OpenAI’s internal documents predict $14 billion loss in 2026 according to report

Internal OpenAI documents predict the AI specialist is set to bleed fully $14 billion in losses for 2026 according to a new report. It’s also claimed that OpenAI will continue to make huge losses totalling $44 billion until 2029, when it won’t just turn a profit, but will by then be generating Nvidia-style revenues.

A new report from The Information claims to have seen internal OpenAI documents setting out various financial performance projections. That $14 billion loss for 2026 is said to be roughly three times worse than early estimates for 2025.
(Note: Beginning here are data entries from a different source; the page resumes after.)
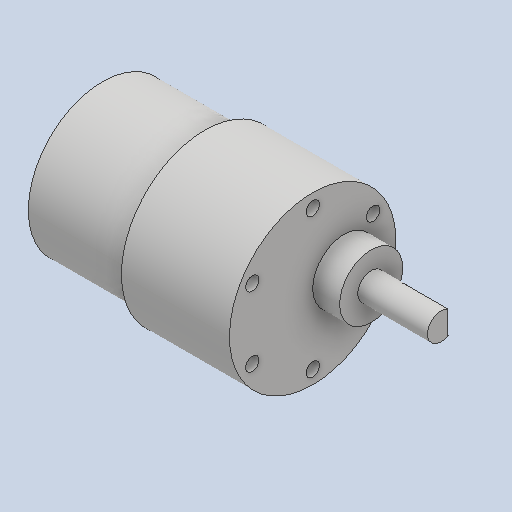
# Autodesk Inventor part: DCMotor
Saved by Autodesk Inventor 2023 (Build 270158000, 158)
## iProperties
Created: 2022-08-31
Part Number: DCMotor
Material: Generic
Document SubType Name: Modeling
Designer: Nathann
Density: 1 g/cm^3
Appearance: Default
Author: Nathann
Autodesk Inventor part; units mm, degrees
ref_plane "YZ Plane" through (0, 0, 0) normal (1, 0, 0) x (0, 1, 0)
ref_plane "XZ Plane" through (0, 0, 0) normal (0, 1, 0) x (-1, 0, 0)
ref_plane "XY Plane" through (0, 0, 0) normal (0, 0, 1) x (1, 0, 0)
sketch "Sketch1" plane through (0, 0, 0) normal (1, 0, 0) x (0, 1, 0)
  circle A0 centre (0, 0) radius 16.5
  dimension "d0" = 33
  constraints: 1 centre point, 1 coincident
  measures "d0" diameter of A0
extrude "Extrusion1" add sketch "Sketch1" along normal blind 22.7
sketch "Sketch2" plane through (22.7, 0, 0) normal (1, 0, 0) x (0, 0, -1)
  circle A0 centre (0, 0) radius 18.5
  dimension "d3" = 37
  constraints: 1 centre point, 1 coincident
  measures "d3" diameter of A0
extrude "Extrusion2" add sketch "Sketch2" along normal blind 24
sketch "Sketch3" plane through (46.7, 0, 0) normal (1, 0, 0) x (0, 0, -1)
  circle A0 centre (0, 7) radius 7
  point P0 (0, 0)
  dimension "d6" = 14
  dimension "d7" = 7
  constraints: 1 centre point
  measures "d6" diameter of A0
  measures "d7" distance of point (0, 0) A0.centre
extrude "Extrusion3" add sketch "Sketch3" along normal blind 6
sketch "Sketch4" plane through (52.7, 7, 0) normal (1, 0, 0) x (0, 0, -1)
  circle A0 centre (0, 0) radius 3
  point P0 (0, -7)
  dimension "d10" = 6
  constraints: 1 centre point
  measures "d10" diameter of A0
extrude "Extrusion4" add sketch "Sketch4" along normal blind 15.5
sketch "Sketch5" plane through (46.7, 0, 0) normal (1, 0, 0) x (0, 0, -1)
  circle A0 centre (-15.5, 0) radius 1.5
  circle A1 centre (0, 7) radius 7 projected
  circle A2 centre (-7.75, -13.4234) radius 1.5
  circle A3 centre (7.75, -13.4234) radius 1.5
  circle A4 centre (15.5, 0) radius 1.5
  circle A5 centre (7.75, 13.4234) radius 1.5
  circle A6 centre (-7.75, 13.4234) radius 1.5
  point P0 (0, 0)
  dimension "d13" = 3
  dimension "d14" = 15.5
  dimension "d17" = 360
  constraints: 6 centre point, 1 vertical alignment, 13 other
  measures "d13" diameter of A0
  measures "d14" horizontal distance of point (0, 7) A0.centre
extrude "Extrusion5" cut sketch "Sketch5" against normal blind 10 contours A0 | A2 | A3 | A4 | A5 | A6
sketch "Sketch6" plane through (68.2, 7, 0) normal (1, 0, 0) x (0, 0, -1)
  line L0 (-3.2783, 3.4497) -> (2.5487, 3.4497)
  line L1 (2.5487, 3.4497) -> (2.5487, 1.5658)
  line L2 (2.5487, 1.5658) -> (-3.2783, 1.5658)
  line L3 (-3.2783, 1.5658) -> (-3.2783, 3.4497)
  point P0 (0, -7)
  constraints: 8 end point, 2 parallel, 1 horizontal, 1 perpendicular
extrude "Extrusion6" cut sketch "Sketch6" against normal blind 10
body "Solid1"

Over the 2023 through end of 2028 period, the report claims OpenAI expects to lose $44 billion, before turning a profit of $14 billion in 2029. Somewhat incongruously, The Information also says that OpenAI’s cash burn is not as bad as previously thought, with the company tearing through a mere $340 million in the first half of the most recent financial year. How that squares with overall losses counted in multiple billions isn’t explained.

The report further claims that OpenAI plans to spend an astonishing $200 billion through the end of the decade, 60% to 80% of which will be spent on training and running AI models.

So, how does OpenAI eventually make money? The reports says internal forecasts predict the for-profit part of OpenAI will hit $100 billion in annual revenues in 2029, up from an estimated $4 billion in 2025.

At this point, the numbers are getting silly. So, let’s put that $100 billion in revenue into context. In 2025, Nvidia had revenues of around $130 billion as a consequence of holding a near-total monopoly over perhaps the largest tech hardware boom in human history. And OpenAI is expecting to more or less match that in about four years. Uh huh.

Images of Nvidia's Blackwell GPU from GTC.

OpenAI will be making Nvidia-style money by 2029, if you can believe it. (Image credit: Nvidia)

The revenue split for that $100 billion is said to be just over 50% from ChatGPT, roughly 20% from sales of AI models to developers through APIs and another 20% or so from “other products”, which include video generation, search and mooted new services including AI research assistants.

It’s also thought that the cost of inference, which is running AI models as opposed to training them, is coming down fast. Intriguingly, OpenAI expects to spend less on acquiring training data, too. That’s forecast to cost $500 million this year, but taper down to $200 million annually towards the end of the decade.

Exactly what that says about how OpenAI trains its new models and what data it uses isn’t clear. But it could suggest a move to more recursive training on AI-generated data.

Anywho, all one can say for sure is that a huge amount of money is involved. Whether OpenAI will come good financially—or for the human race, generally—well, that’s a totally different matter.